Kayla dan Taran mengajarkan keterampilan pengucapan, mendengarkan, dan berbicara kepada siswa di Hanoi selama dua tahun, di bawah Program Perdamaian Pemerintah AS.
Pada Oktober 2022, Kayla Kirby dan Taran Anderson, keduanya berusia 24 tahun, beserta tujuh relawan lainnya tiba di Vietnam. Misi mereka adalah mengajar bahasa Inggris bersama guru-guru Vietnam di sembilan sekolah menengah negeri di Hanoi .
Setelah sekitar 10 minggu pelatihan, Kayla mulai bekerja di sebuah SMA di distrik Ba Vi pada bulan Januari tahun ini. Mantan mahasiswa Universitas California, Santa Barbara, ini mendapatkan kamar di kampus, pergi ke pasar lokal untuk membeli bahan makanan setiap minggu, dan memasak sendiri.
Gadis Amerika itu mengatakan ia terkejut dengan sambutan yang diberikan oleh para guru, siswa, dan penduduk setempat. Setelah 5 bulan, Kayla sudah bisa berbicara kalimat-kalimat sederhana dalam bahasa Vietnam, tahu cara merebus kangkung, mengupas labu, menggoreng tahu, atau membuat lumpia; tahu cara membuat banh troi untuk mentraktir teman, dan menikmati buah-buahan musiman di Ba Vi seperti nangka. Kayla juga menyukai pho, bun cha, dan hotpot.

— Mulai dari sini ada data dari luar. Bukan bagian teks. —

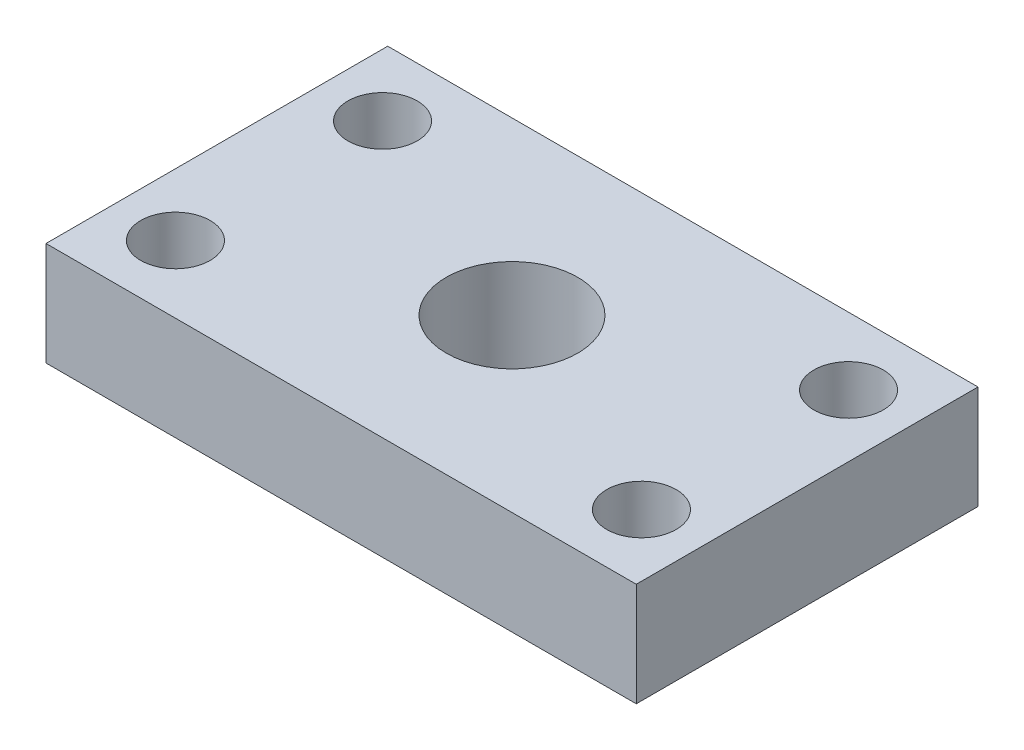
SolidWorks part; units mm, degrees
ref_plane "Front Plane" through (0, 0, 0) normal (0, 0, 1) x (1, 0, 0)
ref_plane "Top Plane" through (0, 0, 0) normal (0, 1, 0) x (1, 0, 0)
ref_plane "Right Plane" through (0, 0, 0) normal (1, 0, 0) x (0, 0, -1)
sketch "Sketch1" plane through (0, 0, 0) normal (0, 1, 0) x (1, 0, 0)
  line L1 (0, 0) -> (57, 0)
  line L2 (0, 0) -> (0, 33)
  line L3 (0, 33) -> (57, 33)
  line L4 (57, 0) -> (57, 33)
  dimension "D1" = 33
  dimension "D2" = 57
extrude "Boss-Extrude1" add sketch "Sketch1" along normal blind 10
sketch "Sketch3" plane through (0, 0, 0) normal (0, -1, 0) x (1, 0, 0)
  line L2 (0, 0) -> (57, 0) construction
  line L3 (0, -33) -> (0, 0) construction
  circle A0 centre (6, -6.5) radius 3.35
  point P4 (28.5, 0)
  point P9 (0, -16.5)
  dimension "D1" = 22.5
  dimension "D3" = 6.7
  dimension "D2" = 10
extrude "Cut-Extrude1" cut sketch "Sketch3" against normal through all
sketch "Sketch4" plane through (0, 0, 0) normal (0, -1, 0) x (1, 0, 0)
  line L2 (57, 0) -> (57, -33) construction
  line L3 (57, -33) -> (0, -33) construction
  circle A0 centre (51, -26.5) radius 3.35
  point P5 (57, -16.5)
  point P10 (28.5, -33)
  dimension "D1" = 10
  dimension "D3" = 6.7
  dimension "D2" = 22.5
extrude "Cut-Extrude2" cut sketch "Sketch4" against normal through all
ref_plane "Plane1" through (0, 0, 0) normal (1, 0, 0) x (0, 0, -1)
sketch "Sketch10" plane through (0, 0, 0) normal (0, -1, 0) x (1, 0, 0)
  line L2 (57, -33) -> (0, -33) construction
  line L3 (57, 0) -> (57, -33) construction
  circle A0 centre (6, -26.5) radius 3.35
  point P5 (28.5, -33)
  point P8 (57, -16.5)
  dimension "D1" = 22.5
  dimension "D3" = 6.7
  dimension "D2" = 10
extrude "Cut-Extrude5" cut sketch "Sketch10" against normal through all
sketch "Sketch12" plane through (0, 0, 0) normal (0, -1, 0) x (1, 0, 0)
  line L2 (57, 0) -> (57, -33) construction
  line L3 (0, 0) -> (57, 0) construction
  circle A0 centre (51, -6.5) radius 3.35
  point P5 (57, -16.5)
  point P10 (28.5, 0)
  dimension "D3" = 6.7
  dimension "D1" = 10
  dimension "D2" = 22.5
extrude "Cut-Extrude6" cut sketch "Sketch12" against normal through all
sketch "Sketch13" plane through (0, 0, -33) normal (0, 0, -1) x (-1, 0, 0)
  line L0 (-28.5, 10) -> (-28.5, 0) construction
  line L1 (-57, 10) -> (0, 10) construction
  line L2 (-57, 0) -> (0, 0) construction
  line L3 (-57, 5) -> (0, 5) construction
  line L4 (-57, 10) -> (-57, 0) construction
hole_wizard "#8-32 Tapped Hole1" positions "Sketch14" profile "Sketch15" tap size "#8-32" standard "ANSI Inch"
sketch "Sketch14" plane through (0, 0, -33) normal (0, 0, -1) x (-1, 0, 0)
  line L0 (-57, 5) -> (0, 5) construction
  line L1 (-28.5, 10) -> (-28.5, 0) construction
  point P0 (-28.5, 5)
  dimension "D1" = 0
  dimension "D2" = 0
sketch "Sketch15" plane through (28.5, 5, -33) normal (1, 0, 0) x (0, 1, 0)
  line L0 (0, 0) -> (0, 6.0378)
  line L1 (0, 6.0378) -> (1.7272, 5)
  line L2 (1.7272, 5) -> (1.7272, 0)
  line L5 (1.7272, 0) -> (0, 0)
  line L10 (0, 6.0378) -> (-1.7272, 5) construction
  line L11 (0, -6.35) -> (0, 107.95) construction
  dimension "Tap Drill Dia." = 3.4544
  dimension "Tap Drill Depth" = 5
  dimension "Drill Angle" = 118
cosmetic thread "Hole Thread1" parameters "D1"=5, "D2"=4.1656
hole_wizard "0.535-40 Tapped Hole1" positions "Sketch19" profile "Sketch18" tap size "0.535-40" standard "Thorlabs" end condition through all
sketch "Sketch19" plane through (0, 10, 0) normal (0, 1, 0) x (1, 0, 0)
  line L1 (57, 0) -> (57, 33) construction
  line L2 (28.5, 33) -> (28.5, 0) construction
  line L3 (57, 33) -> (0, 33) construction
  line L4 (0, 0) -> (57, 0) construction
  line L6 (57, 16.5) -> (0, 16.5) construction
  line L7 (0, 33) -> (0, 0) construction
  point P0 (28.5, 16.5)
  point P5 (57, 16.5)
  dimension "D1" = 0
  dimension "D2" = 0
cosmetic thread "Hole Thread3" parameters "D2"=13.589
sketch "Sketch18" plane through (28.5, 10, -16.5) normal (1, 0, 0) x (0, 0, 1)
  line L0 (0, 0) -> (0, 10)
  line L1 (0, 10) -> (6.35, 10)
  line L2 (6.35, 10) -> (6.35, 0)
  line L5 (6.35, 0) -> (0, 0)
  line L11 (0, -6.35) -> (0, 107.95) construction
  dimension "Thru Tap Drill Dia." = 12.7
  dimension "Thru Tap Drill Depth" = 10

"Orang-orang sudah tidak asing lagi dengan saya. Sekarang, setiap kali mereka melihat saya, mereka biasanya menyapa 'Halo'," kata Kayla.
Kayla Kirby, guru bahasa Inggris sukarelawan asal Amerika. Foto: Binh Minh
Kayla ditugaskan mengajar bahasa Inggris di tiga kelas 10, dengan 13 pelajaran per minggu. Meskipun telah dipersiapkan dengan matang oleh para guru di jurusan bahasa Inggris, ia masih merasa gugup saat pertama kali mengajar kelas tersebut.
"Saya gemetar, khawatir mereka akan takut dan tidak mengerti apa yang saya katakan," kata Kayla.
Sebaliknya, para siswa justru berdiri, tersenyum, dan melambaikan tangan kepadanya. Mereka banyak bertanya, ingin tahu lebih banyak tentang guru asing tersebut. Berkat dukungan para guru Vietnam, Kayla dapat berinteraksi dengan para siswa dengan lebih mudah.
Hari-hari pertama Taran di SMA di distrik Thach That juga menjadi kenangan yang tak terlupakan. Ia mengajar siswa kelas 10 dan 11 sebanyak 16 pelajaran seminggu. Meskipun ia sering menggunakan Google Translate, kendala bahasa masih membuatnya sering salah paham.
Suatu kali, Taran menjelaskan istilah "superstruktur" yang berarti struktur atau bangunan raksasa. "Tapi sebenarnya, guru saya sedang membahas sebuah teori. Beliau bertanya, 'Apa yang kamu bicarakan?' dan para siswa tidak mengerti apa yang saya jelaskan," kenang Taran.
Setelah bepergian ke 10 negara dan mengajar bahasa Inggris kepada siswa asli, Taran membawa beragam pengalamannya ke dalam pelajaran dan permainannya, menciptakan kegembiraan bagi para siswanya.
Menurut kedua relawan tersebut, mereka sering memulai dengan permainan berupa tanya jawab tentang pengetahuan dan kosakata untuk meningkatkan interaksi, membantu siswa mengingat kata-kata dan pelajaran lebih cepat.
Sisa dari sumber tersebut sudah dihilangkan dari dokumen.